A structure can be built through a layer-by-layer application of material through a 3D printing method, which allows a freeform type of construction that removes the need for formwork. It opens up different possibilities for the kind of concrete structure that can be produced, as well as improving cost and productivity savings.

“About 60 per cent of the costs in concrete construction is the formwork. That formwork consists of materials such as timber, which can only be used once or twice. Eighty per cent of the waste worldwide is coming from the construction industry, and formwork is likely a large part of that. If you can use 3D printing technology, we don’t need to use formwork,” Prof. Sanjayan explains.

3D printing also has the potential to improve quality control through construction automating, with Prof. Sanjayan asserting that machines are better at performing repetitive tasks with high accuracy.

While the advancements made by the Swinburne research team have been significant, Prof. Sanjayan says there are still many technological issues to overcome.

He says the rise in 3D printing capabilities for the construction sector is drawn from the aerospace and manufacturing industries where the technology has already found a solid footing. “In the past 20 to 30 years, these sectors really been driving it a lot more compared to the construction industry, which is still largely manual.”

Prof. Sanjayan says for the construction sector to adopt the 3D printing methods so well employed in the aerospace and manufacturing industries, there needs to be an effective technology transfer.

“We can access and bring the 3D printing technology over to the construction industry effectively because the hard work has already been done.

“The main issues we need to deal with is the size – we lift in tonnes, not kilos,” he says.

Because the aerospace industry deals in smaller applications, for instance, 3D printing needs to be to micrometre accuracy, whereas the construction and infrastructure sector requires closer to centimetre or millimetre accuracy.

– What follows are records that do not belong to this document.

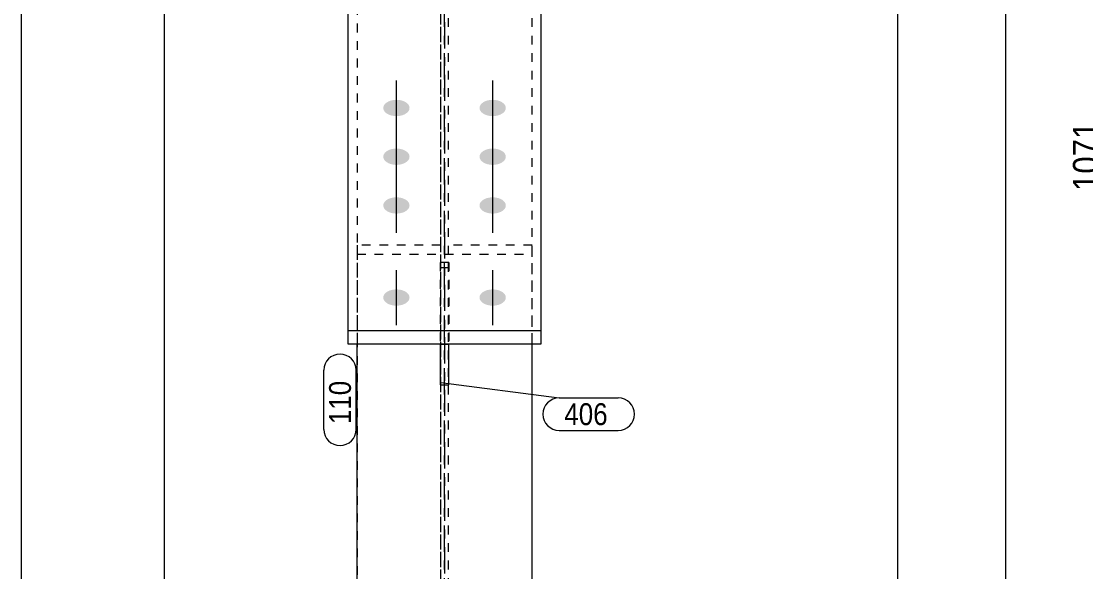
# Model space of a CAD drawing. Header units: millimetres. Extents: x 2 to 579, y 1 to 825.
# Drawn here: x 5 to 126.6, y 595.5 to 658.4 of the extents above; entities that cross this region are included whole.
import ezdxf

# ---------------------------------------------------------------- set-up
doc = ezdxf.new("R2010")
doc.units = ezdxf.units.MM
for name, pattern in [('XKITLINE00', [0]), ('XKITLINE01', [4, 1, -1, 1, -1]), ('XKITLINE03', [6, 3, -1, 1, -1])]:
    doc.linetypes.add(name, pattern=pattern)
for name, color, linetype, lineweight in [('Bolt', 3, 'Continuous', 0), ('Dimensions', 7, 'Continuous', 0), ('DrawingSheet', 5, 'Continuous', 0), ('Part', 2, 'Continuous', 0), ('PartMark', 7, 'Continuous', 0)]:
    doc.layers.add(name, color=color, linetype=linetype, lineweight=lineweight)
doc.styles.add('ARIAL', font='ARIAL.TTF')

# ---------------------------------------------------------------- blocks, each defined once
blk = doc.blocks.new('*A48')
at = {"layer": 'Bolt'}
for points in [[(47.83, 647.58), (47.79, 647.58), (47.75, 647.58), (47.72, 647.59), (47.68, 647.59), (47.64, 647.59), (47.61, 647.6), (47.57, 647.6), (47.54, 647.6), (47.5, 647.61), (47.46, 647.62), (47.43, 647.62), (47.39, 647.63), (47.36, 647.64), (47.33, 647.64), (47.29, 647.65), (47.26, 647.66), (47.22, 647.67), (47.19, 647.68), (47.16, 647.69), (47.13, 647.7), (47.09, 647.71), (47.06, 647.73), (47.03, 647.74), (47, 647.75), (46.97, 647.76), (46.94, 647.78), (46.91, 647.79), (46.89, 647.81), (46.86, 647.82), (46.83, 647.84), (46.8, 647.85), (46.78, 647.87), (46.75, 647.89), (46.73, 647.9), (46.71, 647.92), (46.68, 647.94), (46.66, 647.96), (46.64, 647.98), (46.62, 647.99), (46.6, 648.01), (46.58, 648.03), (46.56, 648.05), (46.54, 648.07), (46.53, 648.09), (46.51, 648.11), (46.49, 648.13), (46.48, 648.16), (46.47, 648.18), (46.45, 648.2), (46.44, 648.22), (46.43, 648.24), (46.42, 648.26), (46.41, 648.29), (46.4, 648.31), (46.39, 648.33), (46.39, 648.35), (46.38, 648.37), (46.38, 648.4), (46.37, 648.42), (46.37, 648.44), (46.37, 648.47), (46.37, 648.49), (46.37, 648.51), (46.37, 648.53), (46.37, 648.56), (46.37, 648.58), (46.37, 648.6), (46.38, 648.62), (46.38, 648.65), (46.39, 648.67), (46.39, 648.69), (46.4, 648.71), (46.41, 648.74), (46.42, 648.76), (46.43, 648.78), (46.44, 648.8), (46.45, 648.82), (46.47, 648.85), (46.48, 648.87), (46.49, 648.89), (46.51, 648.91), (46.53, 648.93), (46.54, 648.95), (46.56, 648.97), (46.58, 648.99), (46.6, 649.01), (46.62, 649.03), (46.64, 649.05), (46.66, 649.06), (46.68, 649.08), (46.71, 649.1), (46.73, 649.12), (46.75, 649.13), (46.78, 649.15), (46.8, 649.17), (46.83, 649.18), (46.86, 649.2), (46.89, 649.21), (46.91, 649.23), (46.94, 649.24), (46.97, 649.26), (47, 649.27), (47.03, 649.28), (47.06, 649.3), (47.09, 649.31), (47.13, 649.32), (47.16, 649.33), (47.19, 649.34), (47.22, 649.35), (47.26, 649.36), (47.29, 649.37), (47.33, 649.38), (47.36, 649.39), (47.39, 649.39), (47.43, 649.4), (47.46, 649.41), (47.5, 649.41), (47.54, 649.42), (47.57, 649.42), (47.61, 649.43), (47.64, 649.43), (47.68, 649.43), (47.72, 649.43), (47.75, 649.44), (47.79, 649.44), (47.83, 649.44), (47.87, 649.44), (47.9, 649.44), (47.94, 649.44), (47.98, 649.44), (48.01, 649.43), (48.05, 649.43), (48.09, 649.43), (48.12, 649.43), (48.16, 649.42), (48.19, 649.42), (48.23, 649.41), (48.27, 649.41), (48.3, 649.4), (48.34, 649.39), (48.37, 649.39), (48.4, 649.38), (48.44, 649.37), (48.47, 649.36), (48.51, 649.35), (48.54, 649.34), (48.57, 649.33), (48.6, 649.32), (48.64, 649.31), (48.67, 649.3), (48.7, 649.28), (48.73, 649.27), (48.76, 649.26), (48.79, 649.24), (48.82, 649.23), (48.84, 649.21), (48.87, 649.2), (48.9, 649.18), (48.93, 649.17), (48.95, 649.15), (48.98, 649.13), (49, 649.12), (49.02, 649.1), (49.05, 649.08), (49.07, 649.06), (49.09, 649.05), (49.11, 649.03), (49.13, 649.01), (49.15, 648.99), (49.17, 648.97), (49.19, 648.95), (49.2, 648.93), (49.22, 648.91), (49.24, 648.89), (49.25, 648.87), (49.26, 648.85), (49.28, 648.82), (49.29, 648.8), (49.3, 648.78), (49.31, 648.76), (49.32, 648.74), (49.33, 648.71), (49.34, 648.69), (49.34, 648.67), (49.35, 648.65), (49.35, 648.62), (49.36, 648.6), (49.36, 648.58), (49.36, 648.56), (49.36, 648.53), (49.37, 648.51), (49.36, 648.49), (49.36, 648.47), (49.36, 648.44), (49.36, 648.42), (49.35, 648.4), (49.35, 648.37), (49.34, 648.35), (49.34, 648.33), (49.33, 648.31), (49.32, 648.29), (49.31, 648.26), (49.3, 648.24), (49.29, 648.22), (49.28, 648.2), (49.26, 648.18), (49.25, 648.16), (49.24, 648.13), (49.22, 648.11), (49.2, 648.09), (49.19, 648.07), (49.17, 648.05), (49.15, 648.03), (49.13, 648.01), (49.11, 647.99), (49.09, 647.98), (49.07, 647.96), (49.05, 647.94), (49.02, 647.92), (49, 647.9), (48.98, 647.89), (48.95, 647.87), (48.93, 647.85), (48.9, 647.84), (48.87, 647.82), (48.84, 647.81), (48.82, 647.79), (48.79, 647.78), (48.76, 647.76), (48.73, 647.75), (48.7, 647.74), (48.67, 647.73), (48.64, 647.71), (48.6, 647.7), (48.57, 647.69), (48.54, 647.68), (48.51, 647.67), (48.47, 647.66), (48.44, 647.65), (48.4, 647.64), (48.37, 647.64), (48.34, 647.63), (48.3, 647.62), (48.27, 647.62), (48.23, 647.61), (48.19, 647.6), (48.16, 647.6), (48.12, 647.6), (48.09, 647.59), (48.05, 647.59), (48.01, 647.59), (47.98, 647.58), (47.94, 647.58), (47.9, 647.58), (47.87, 647.58)], [(58.83, 647.58), (58.79, 647.58), (58.75, 647.58), (58.72, 647.59), (58.68, 647.59), (58.64, 647.59), (58.61, 647.6), (58.57, 647.6), (58.54, 647.6), (58.5, 647.61), (58.46, 647.62), (58.43, 647.62), (58.39, 647.63), (58.36, 647.64), (58.33, 647.64), (58.29, 647.65), (58.26, 647.66), (58.22, 647.67), (58.19, 647.68), (58.16, 647.69), (58.13, 647.7), (58.09, 647.71), (58.06, 647.73), (58.03, 647.74), (58, 647.75), (57.97, 647.76), (57.94, 647.78), (57.91, 647.79), (57.89, 647.81), (57.86, 647.82), (57.83, 647.84), (57.8, 647.85), (57.78, 647.87), (57.75, 647.89), (57.73, 647.9), (57.71, 647.92), (57.68, 647.94), (57.66, 647.96), (57.64, 647.98), (57.62, 647.99), (57.6, 648.01), (57.58, 648.03), (57.56, 648.05), (57.54, 648.07), (57.53, 648.09), (57.51, 648.11), (57.49, 648.13), (57.48, 648.16), (57.47, 648.18), (57.45, 648.2), (57.44, 648.22), (57.43, 648.24), (57.42, 648.26), (57.41, 648.29), (57.4, 648.31), (57.39, 648.33), (57.39, 648.35), (57.38, 648.37), (57.38, 648.4), (57.37, 648.42), (57.37, 648.44), (57.37, 648.47), (57.37, 648.49), (57.37, 648.51), (57.37, 648.53), (57.37, 648.56), (57.37, 648.58), (57.37, 648.6), (57.38, 648.62), (57.38, 648.65), (57.39, 648.67), (57.39, 648.69), (57.4, 648.71), (57.41, 648.74), (57.42, 648.76), (57.43, 648.78), (57.44, 648.8), (57.45, 648.82), (57.47, 648.85), (57.48, 648.87), (57.49, 648.89), (57.51, 648.91), (57.53, 648.93), (57.54, 648.95), (57.56, 648.97), (57.58, 648.99), (57.6, 649.01), (57.62, 649.03), (57.64, 649.05), (57.66, 649.06), (57.68, 649.08), (57.71, 649.1), (57.73, 649.12), (57.75, 649.13), (57.78, 649.15), (57.8, 649.17), (57.83, 649.18), (57.86, 649.2), (57.89, 649.21), (57.91, 649.23), (57.94, 649.24), (57.97, 649.26), (58, 649.27), (58.03, 649.28), (58.06, 649.3), (58.09, 649.31), (58.13, 649.32), (58.16, 649.33), (58.19, 649.34), (58.22, 649.35), (58.26, 649.36), (58.29, 649.37), (58.33, 649.38), (58.36, 649.39), (58.39, 649.39), (58.43, 649.4), (58.46, 649.41), (58.5, 649.41), (58.54, 649.42), (58.57, 649.42), (58.61, 649.43), (58.64, 649.43), (58.68, 649.43), (58.72, 649.43), (58.75, 649.44), (58.79, 649.44), (58.83, 649.44), (58.87, 649.44), (58.9, 649.44), (58.94, 649.44), (58.98, 649.44), (59.01, 649.43), (59.05, 649.43), (59.09, 649.43), (59.12, 649.43), (59.16, 649.42), (59.19, 649.42), (59.23, 649.41), (59.27, 649.41), (59.3, 649.4), (59.34, 649.39), (59.37, 649.39), (59.4, 649.38), (59.44, 649.37), (59.47, 649.36), (59.51, 649.35), (59.54, 649.34), (59.57, 649.33), (59.6, 649.32), (59.64, 649.31), (59.67, 649.3), (59.7, 649.28), (59.73, 649.27), (59.76, 649.26), (59.79, 649.24), (59.82, 649.23), (59.84, 649.21), (59.87, 649.2), (59.9, 649.18), (59.93, 649.17), (59.95, 649.15), (59.98, 649.13), (60, 649.12), (60.02, 649.1), (60.05, 649.08), (60.07, 649.06), (60.09, 649.05), (60.11, 649.03), (60.13, 649.01), (60.15, 648.99), (60.17, 648.97), (60.19, 648.95), (60.2, 648.93), (60.22, 648.91), (60.24, 648.89), (60.25, 648.87), (60.26, 648.85), (60.28, 648.82), (60.29, 648.8), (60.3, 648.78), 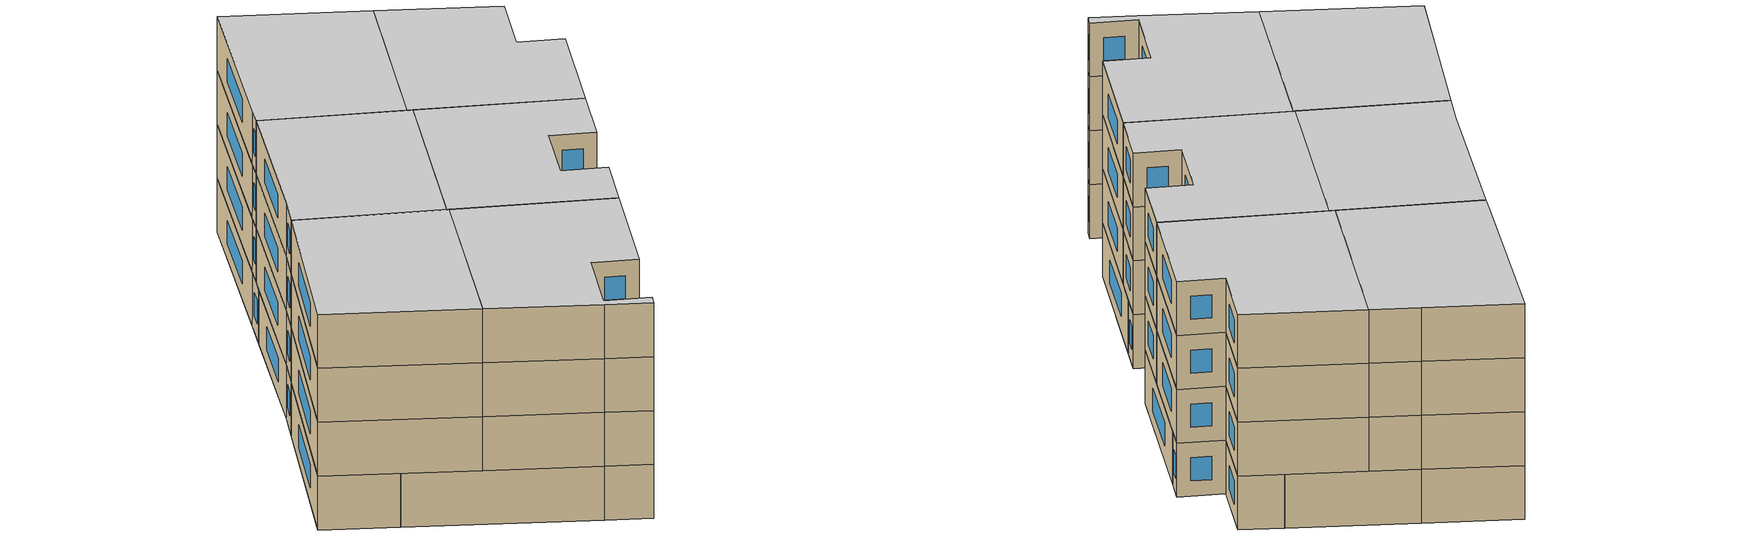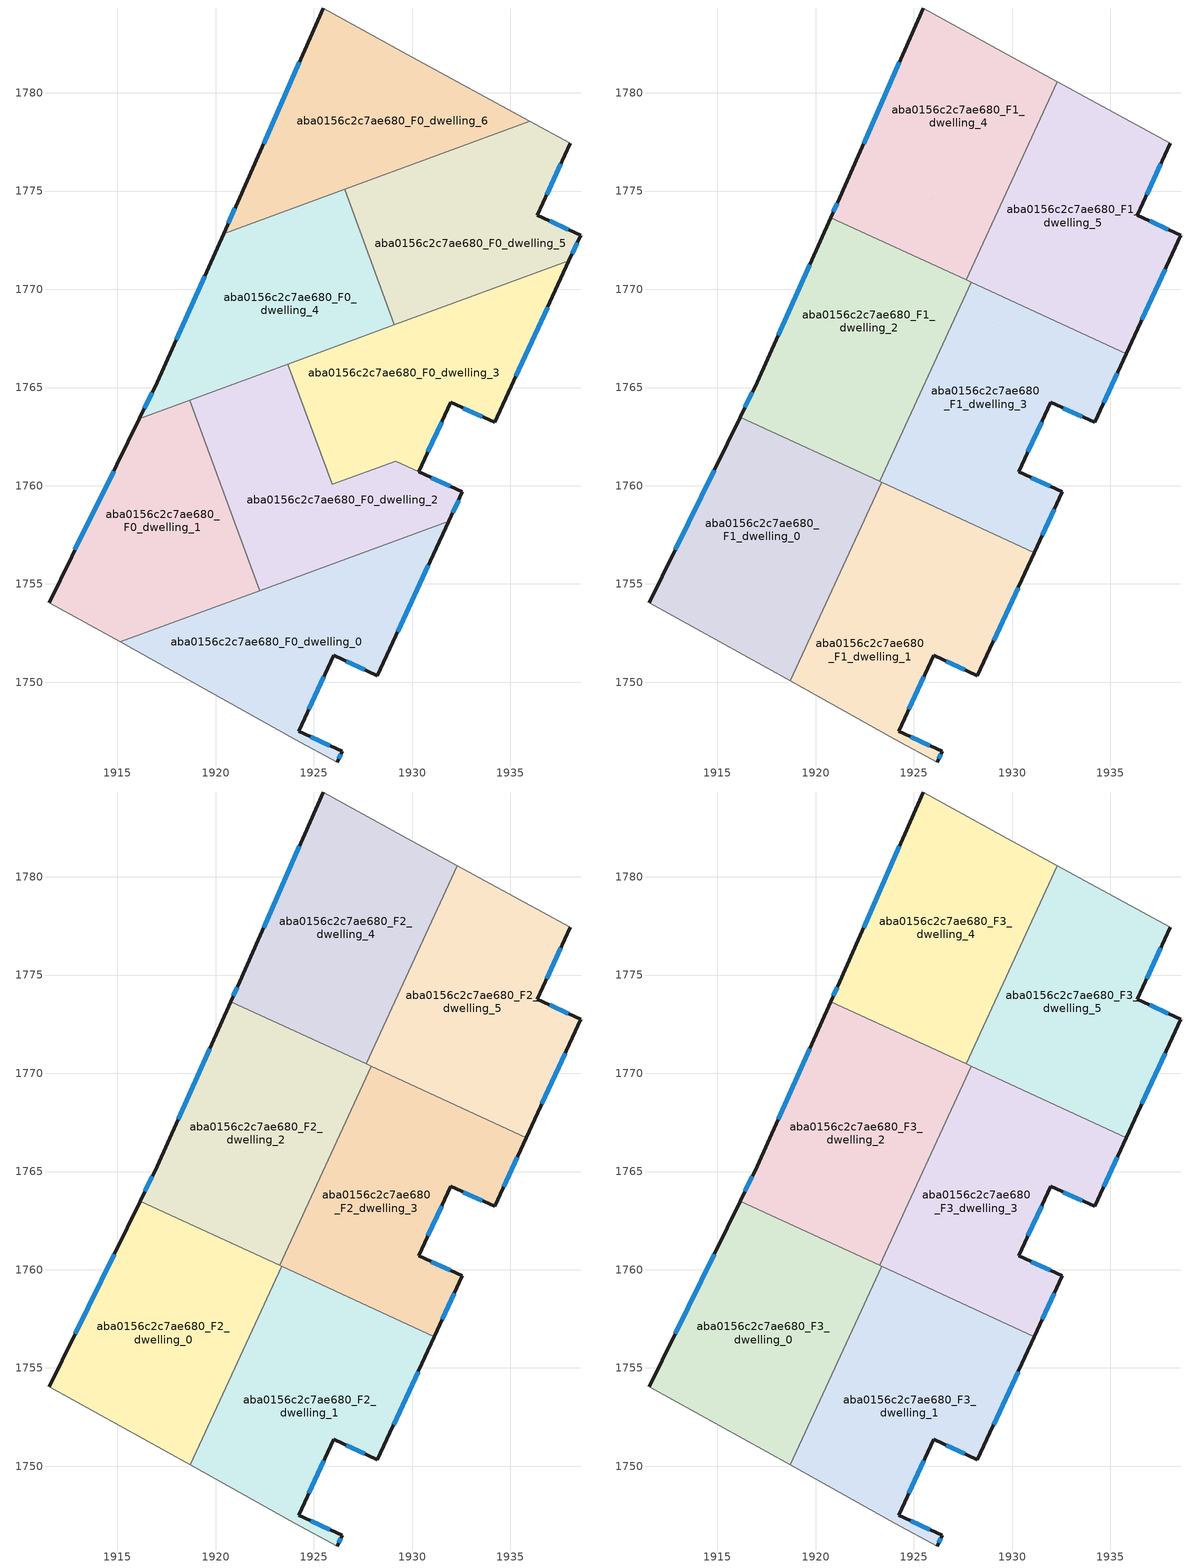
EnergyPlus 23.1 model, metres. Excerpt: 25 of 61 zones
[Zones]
aba0156c2c7ae680_F0_dwelling_0
 floor ground (EU_floor_Construction): 1931.87,1758.19 1928.23,1750.33 1926.01,1751.37 1924.22,1747.51 1926.44,1746.48 1926.19,1745.94 1924.03,1747.1 1915.14,1752.05 z0
 wall outside (EU_wall_Construction): 1926.19,1745.94 1926.44,1746.48 1924.22,1747.51 1926.01,1751.37 1928.23,1750.33 1931.87,1758.19 z0:3
 wall adiabatic (EU_wall_Construction): 1915.14,1752.05 1924.03,1747.1 1926.19,1745.94 z0:3
 wall to aba0156c2c7ae680_F0_dwelling_2 (EU_wall_Construction): 1931.87,1758.19 1922.25,1754.66 z0:3
 wall to aba0156c2c7ae680_F0_dwelling_1 (EU_wall_Construction): 1922.25,1754.66 1915.14,1752.05 z0:3
 window (EU_Window_Construction): 1925.81,1746.78 1924.85,1747.22 / 1926.26,1746.09 1926.37,1746.33 / 1929.27,1752.58 1930.83,1755.95 / 1926.64,1751.07 1927.59,1750.63 / 1924.73,1748.61 1925.5,1750.26 z0.86:2.14
aba0156c2c7ae680_F0_dwelling_1
 floor ground (EU_floor_Construction): 1918.69,1764.36 1922.25,1754.66 1915.14,1752.05 1911.53,1754.06 1916.12,1763.42 z0
 wall outside (EU_wall_Construction): 1916.12,1763.42 1911.53,1754.06 z0:3
 wall to aba0156c2c7ae680_F0_dwelling_2 (EU_wall_Construction): 1922.25,1754.66 1918.69,1764.36 z0:3
 wall adiabatic (EU_wall_Construction): 1911.53,1754.06 1915.14,1752.05 z0:3
 wall to aba0156c2c7ae680_F0_dwelling_4 (EU_wall_Construction): 1918.69,1764.36 1916.12,1763.42 z0:3
 window (EU_Window_Construction): 1914.81,1760.74 1912.84,1756.73 z0.86:2.14
aba0156c2c7ae680_F0_dwelling_2
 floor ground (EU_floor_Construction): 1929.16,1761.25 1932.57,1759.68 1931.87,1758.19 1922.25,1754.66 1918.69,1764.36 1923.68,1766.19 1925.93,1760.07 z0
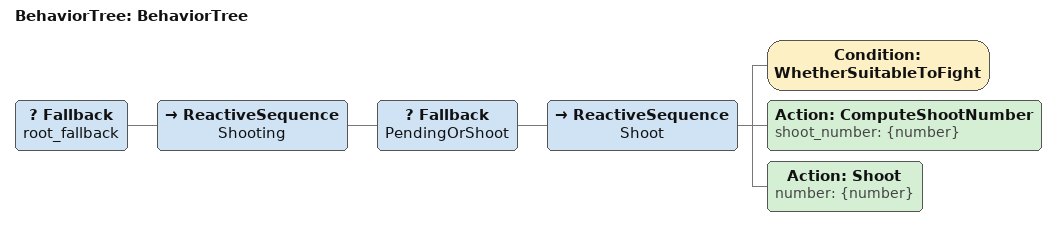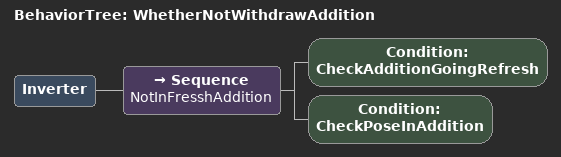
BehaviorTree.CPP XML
<?xml version="1.0"?>
<root main_tree_to_execute="BehaviorTree">
    <BehaviorTree ID="BehaviorTree">
        <Fallback name="root_fallback">
            <ReactiveSequence name="Shooting">
                <Fallback name="PendingOrShoot">
                    <ReactiveSequence name="Shoot">
                        <Condition ID="WhetherSuitableToFight"/>
                        <Action ID="ComputeShootNumber" shoot_number="{number}"/>
                        <Action ID="Shoot" number="{number}"/>
                    </ReactiveSequence>
                </Fallback>
            </ReactiveSequence>
        </Fallback>
    </BehaviorTree>
    <BehaviorTree ID="WhetherNotWithdrawAddition">
        <Inverter>
            <Sequence name="NotInFresshAddition">
                <Condition ID="CheckAdditionGoingRefresh"/>
                <Condition ID="CheckPoseInAddition"/>
            </Sequence>
        </Inverter>
    </BehaviorTree>
</root>

“We can give up accuracy and make it up in cost because it’s the construction industry and it’ll need to be cost competitive,” Prof. Sanjayan points out.

While the Swinburne team has opened up opportunities in smaller construction applications for the 3D printed geopolymer, Prof. Sanjayan says they are beginning to explore how they can utilise the process for structural components.

“Another aspect we’re investigating is how to incorporate steel reinforcement into the technology, and we’re starting to work on polypropylene fibres as a steel alternative,” he says.

“Because it’s a new material, most of the applications for now need to be low risk, such as pavers and non-structural elements. Slowly, we need to consider using it to make load-bearing structures.”

Swinburne, in collaboration with the University of New South Wales, is also delivering a handbook guide for geopolymer concrete design and construction in general, which will be published by Standards Australia.

“We’re looking to specify geopolymer in construction and help encourage concrete companies to start supplying it,” Prof Sanjayan says.

“At the moment, there are no suppliers for geopolymer concrete in many states in Australia, which is limiting its implementation.”